9.12.10

The law at UK student tuition-fee rise demo



Today I watched on television from work as London police officers rode their horses into a demonstration, apparently in order to disperse a protest against a tuition-fee hike increase of up to 9,000 pounds for UK students, up from 3,290 pounds.

Under the plan 75 percent of graduates will pay more than under the current system, despite the introduction of a sliding scale repayment scheme.

I later went down to the demonstration, which was at Parliament Square, but found my way into Whitehall blocked by a row of riot police. People standing around the barricade told me to go south to Embankment, so I did. There were maybe 1,000 demonstrators there chanting, listening to music and being told by organisers not to go to Parliament Square, but to head east along Embankment and up to the Strand or Trafalgar Square.

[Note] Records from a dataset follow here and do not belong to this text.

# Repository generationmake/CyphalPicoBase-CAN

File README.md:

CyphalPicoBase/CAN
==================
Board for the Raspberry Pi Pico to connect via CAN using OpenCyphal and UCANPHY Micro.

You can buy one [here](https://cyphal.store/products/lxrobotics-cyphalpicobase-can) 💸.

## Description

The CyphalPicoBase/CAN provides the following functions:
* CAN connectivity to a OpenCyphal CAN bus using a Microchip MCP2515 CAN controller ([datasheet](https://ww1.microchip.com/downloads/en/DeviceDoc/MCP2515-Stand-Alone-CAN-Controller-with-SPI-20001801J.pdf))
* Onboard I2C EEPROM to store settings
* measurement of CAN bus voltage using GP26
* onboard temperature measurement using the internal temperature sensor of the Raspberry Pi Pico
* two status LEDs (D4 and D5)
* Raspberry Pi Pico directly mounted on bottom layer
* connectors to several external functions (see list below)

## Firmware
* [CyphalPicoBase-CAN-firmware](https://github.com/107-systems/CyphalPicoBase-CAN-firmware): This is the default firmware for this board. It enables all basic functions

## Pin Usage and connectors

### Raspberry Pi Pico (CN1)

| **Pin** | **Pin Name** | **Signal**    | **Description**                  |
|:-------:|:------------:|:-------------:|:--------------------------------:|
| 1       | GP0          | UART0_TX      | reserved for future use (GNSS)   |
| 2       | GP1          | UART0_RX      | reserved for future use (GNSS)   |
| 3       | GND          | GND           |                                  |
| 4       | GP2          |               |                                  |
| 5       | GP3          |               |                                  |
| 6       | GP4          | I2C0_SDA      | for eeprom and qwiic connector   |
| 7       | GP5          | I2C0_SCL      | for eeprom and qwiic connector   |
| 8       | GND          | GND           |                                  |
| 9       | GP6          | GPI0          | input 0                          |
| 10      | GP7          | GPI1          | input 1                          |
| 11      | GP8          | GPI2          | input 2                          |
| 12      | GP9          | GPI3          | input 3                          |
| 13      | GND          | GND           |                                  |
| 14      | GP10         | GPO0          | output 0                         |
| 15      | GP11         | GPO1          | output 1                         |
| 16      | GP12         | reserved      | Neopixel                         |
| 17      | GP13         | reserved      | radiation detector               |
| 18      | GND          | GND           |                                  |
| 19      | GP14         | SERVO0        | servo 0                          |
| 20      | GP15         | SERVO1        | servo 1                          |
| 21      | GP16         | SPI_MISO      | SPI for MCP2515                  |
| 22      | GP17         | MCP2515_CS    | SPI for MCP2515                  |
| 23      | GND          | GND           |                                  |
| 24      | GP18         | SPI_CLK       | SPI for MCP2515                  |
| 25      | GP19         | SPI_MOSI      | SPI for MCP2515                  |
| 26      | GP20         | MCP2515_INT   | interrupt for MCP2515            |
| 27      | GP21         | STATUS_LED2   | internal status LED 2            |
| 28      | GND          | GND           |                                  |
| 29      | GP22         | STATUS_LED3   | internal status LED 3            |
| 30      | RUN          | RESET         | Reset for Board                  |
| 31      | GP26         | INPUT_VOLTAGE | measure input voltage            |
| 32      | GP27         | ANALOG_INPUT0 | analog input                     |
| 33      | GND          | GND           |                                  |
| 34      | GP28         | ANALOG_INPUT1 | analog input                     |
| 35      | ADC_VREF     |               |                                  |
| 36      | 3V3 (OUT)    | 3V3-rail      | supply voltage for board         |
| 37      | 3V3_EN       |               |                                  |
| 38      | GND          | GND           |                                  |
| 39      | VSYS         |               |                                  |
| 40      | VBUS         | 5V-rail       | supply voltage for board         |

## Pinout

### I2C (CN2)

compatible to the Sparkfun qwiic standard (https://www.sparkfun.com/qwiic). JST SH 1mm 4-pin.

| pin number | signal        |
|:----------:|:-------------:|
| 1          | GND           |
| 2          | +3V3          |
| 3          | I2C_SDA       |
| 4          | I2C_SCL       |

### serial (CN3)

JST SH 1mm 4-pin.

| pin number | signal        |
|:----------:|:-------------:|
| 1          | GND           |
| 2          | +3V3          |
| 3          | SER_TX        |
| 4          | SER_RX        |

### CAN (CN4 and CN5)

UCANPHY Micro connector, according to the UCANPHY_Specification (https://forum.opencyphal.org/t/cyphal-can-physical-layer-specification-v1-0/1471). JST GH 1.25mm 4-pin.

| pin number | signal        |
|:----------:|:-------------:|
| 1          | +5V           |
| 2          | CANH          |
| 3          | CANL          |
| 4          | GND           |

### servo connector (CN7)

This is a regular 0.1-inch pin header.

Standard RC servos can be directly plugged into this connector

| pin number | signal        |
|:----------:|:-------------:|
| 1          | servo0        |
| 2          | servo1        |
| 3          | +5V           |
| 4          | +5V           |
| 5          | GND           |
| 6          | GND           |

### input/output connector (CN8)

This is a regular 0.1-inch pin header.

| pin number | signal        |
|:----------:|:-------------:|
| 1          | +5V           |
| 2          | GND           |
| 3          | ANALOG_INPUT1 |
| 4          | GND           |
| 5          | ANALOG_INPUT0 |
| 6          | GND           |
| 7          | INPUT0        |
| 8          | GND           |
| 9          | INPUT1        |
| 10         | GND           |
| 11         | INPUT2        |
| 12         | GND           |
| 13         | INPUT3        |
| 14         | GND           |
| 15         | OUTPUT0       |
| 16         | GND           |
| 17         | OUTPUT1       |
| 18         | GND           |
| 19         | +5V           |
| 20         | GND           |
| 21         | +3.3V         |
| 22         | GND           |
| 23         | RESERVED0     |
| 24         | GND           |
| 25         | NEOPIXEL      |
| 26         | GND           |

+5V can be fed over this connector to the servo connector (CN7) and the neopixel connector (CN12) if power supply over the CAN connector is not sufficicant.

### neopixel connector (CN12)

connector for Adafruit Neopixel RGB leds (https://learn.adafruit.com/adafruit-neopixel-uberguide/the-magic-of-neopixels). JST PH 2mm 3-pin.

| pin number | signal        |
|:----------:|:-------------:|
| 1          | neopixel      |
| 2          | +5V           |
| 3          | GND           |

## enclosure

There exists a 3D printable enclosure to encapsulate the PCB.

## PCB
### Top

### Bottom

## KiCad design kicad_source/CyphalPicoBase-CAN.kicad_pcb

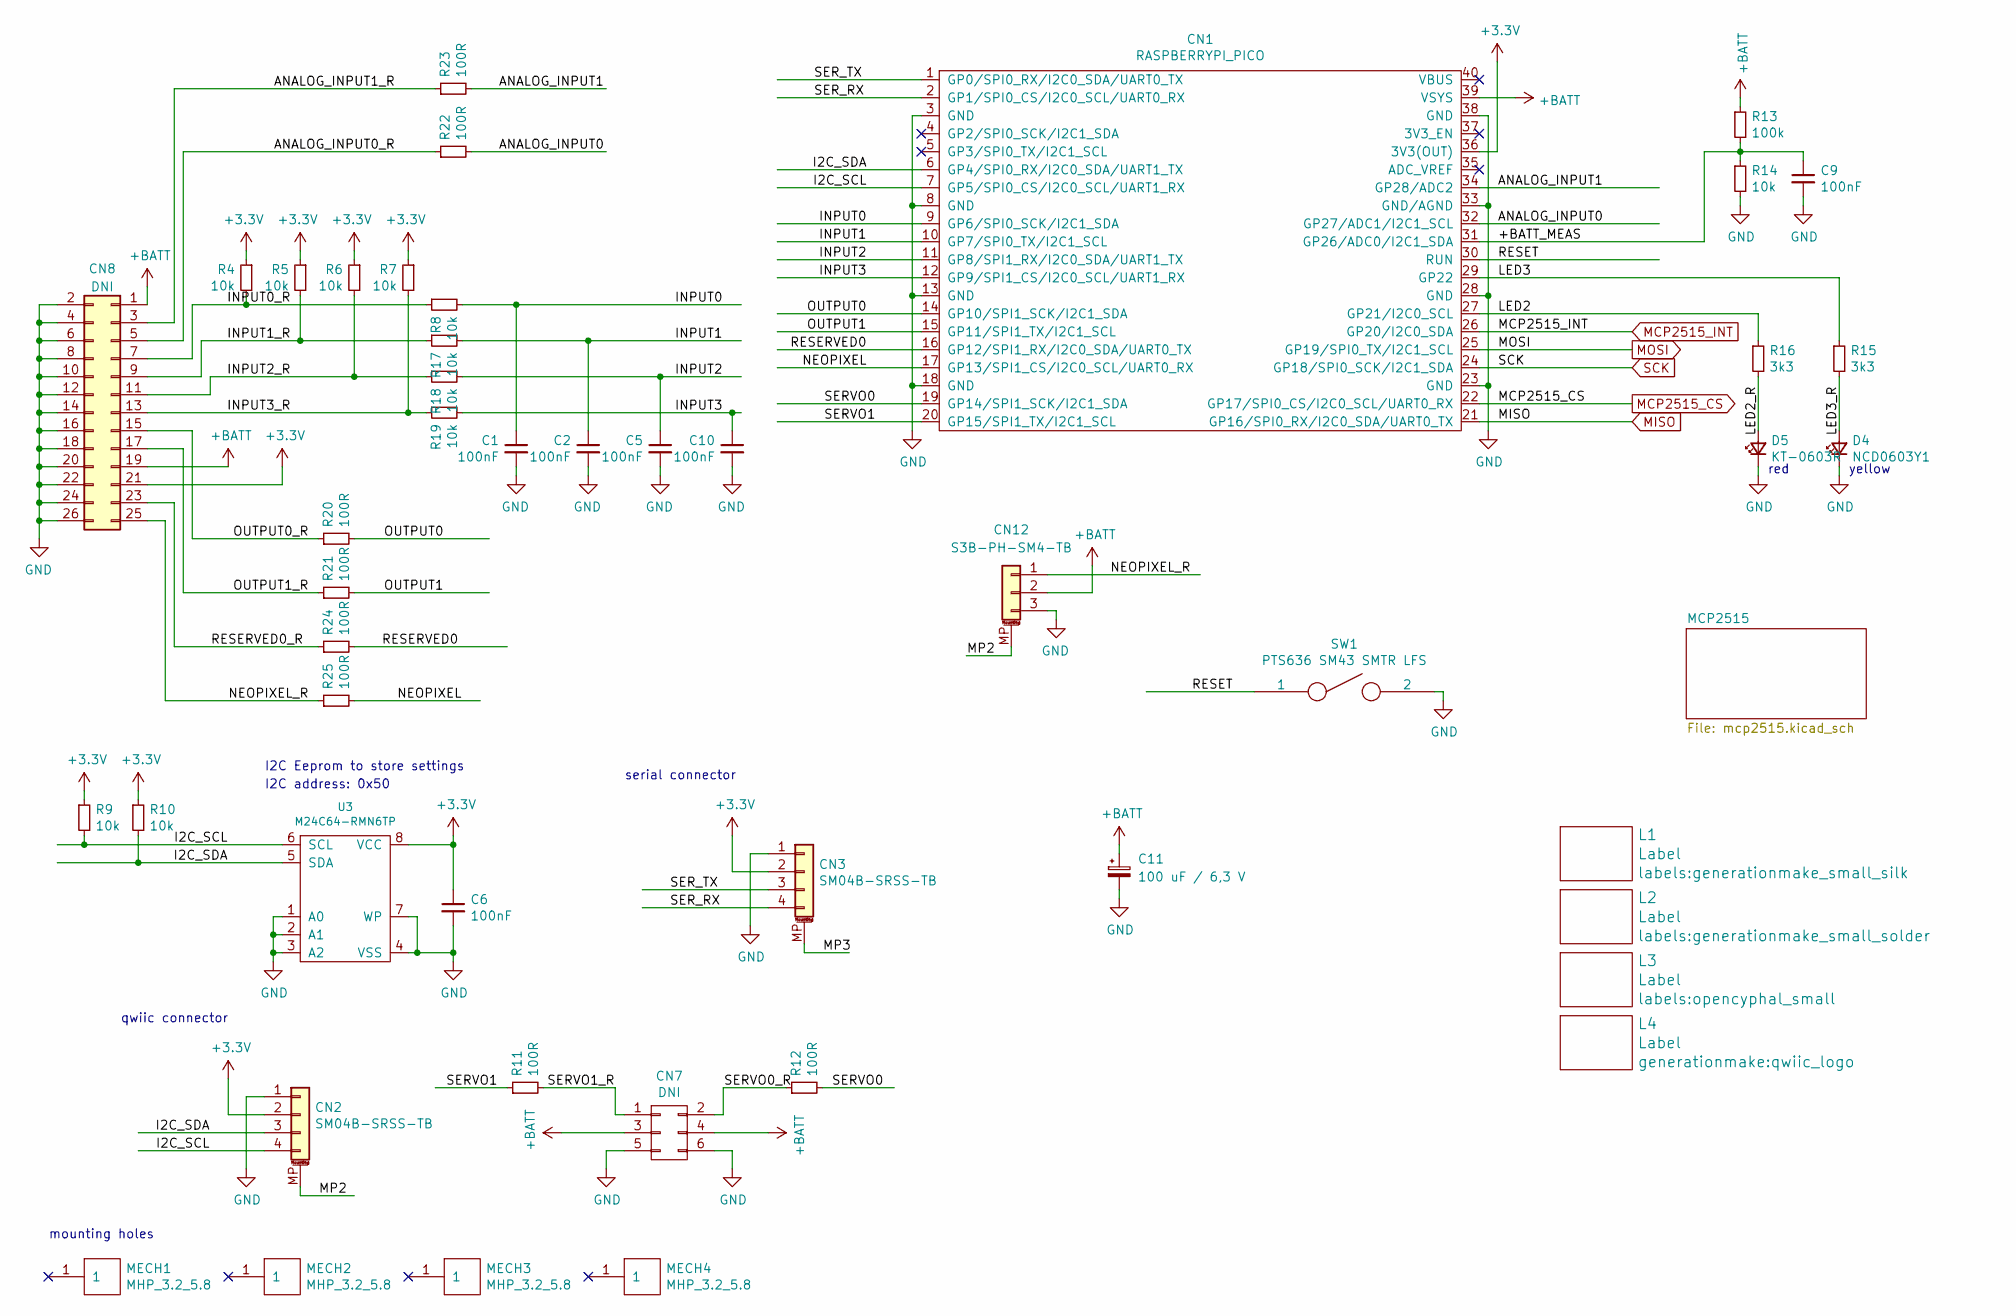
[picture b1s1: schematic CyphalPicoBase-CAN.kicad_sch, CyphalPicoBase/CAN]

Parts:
C1, C2, C5, C6, C9, C10: 100nF; C_0603_1608Metric; LCSC C14663
C11: 100 uF / 6,3 V; CP_Elec_5x5.3; LCSC C3001204
CN1: RASPBERRYPI_PICO; RASPI_PICO_SOLDER_Kopie
CN2, CN3: SM04B-SRSS-TB; JST_SH_SM04B-SRSS-TB_1x04-1MP_P1.00mm_Horizontal; LCSC C160404
CN7: DNI; PinHeader_2x03_P2.54mm_Horizontal
CN8: DNI; PinHeader_2x13_P2.54mm_Vertical
CN12: S3B-PH-SM4-TB; JST_PH_S3B-PH-SM4-TB_1x03-1MP_P2.00mm_Horizontal; LCSC C265101
D4: NCD0603Y1; LED_0603_1608Metric; LCSC C84268
D5: KT-0603R; LED_0603_1608Metric; LCSC C2286
L1: Label; generationmake_small_silk
L2: Label; generationmake_small_solder
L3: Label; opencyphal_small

It was difficult to know what had happened to the students who had been kettled by the police earlier. I couldn't figure out how to find them given that Whitehall was blocked off.

Not many people left while we awaited the results of the vote in Parliament, which showed that it was approved by a majority of 21 votes, with 27 members of the coalition parties voting against it and a handful abstaining.

Afterwards most people marched west along Embankment past Portcullis House, protected by a row of police, to Bridge Street.

But there was a barricade of police and police vans stretching across the road and sidewalk. Protesters stayed for about half an hour chanting, playing music and hurling abuse and the odd bit of rubbish at the police.

What we didn't know was that in other parts of London at around the same time, there were reports of protesters breaking into the Treasury, attacking the car of Prince Charles and Camilla, burning a Christmas tree in Trafalgar Square.

I have attended a lot of demonstrations and rallies in various cities, including Ottawa, Toronto and Washington, D.C. and I have never seen anything like this.

I wonder if this was an appropriate way to treat young people trying to exercise their democratic right to demonstrate in Parliament Square against a decision that will have a huge impact on their future.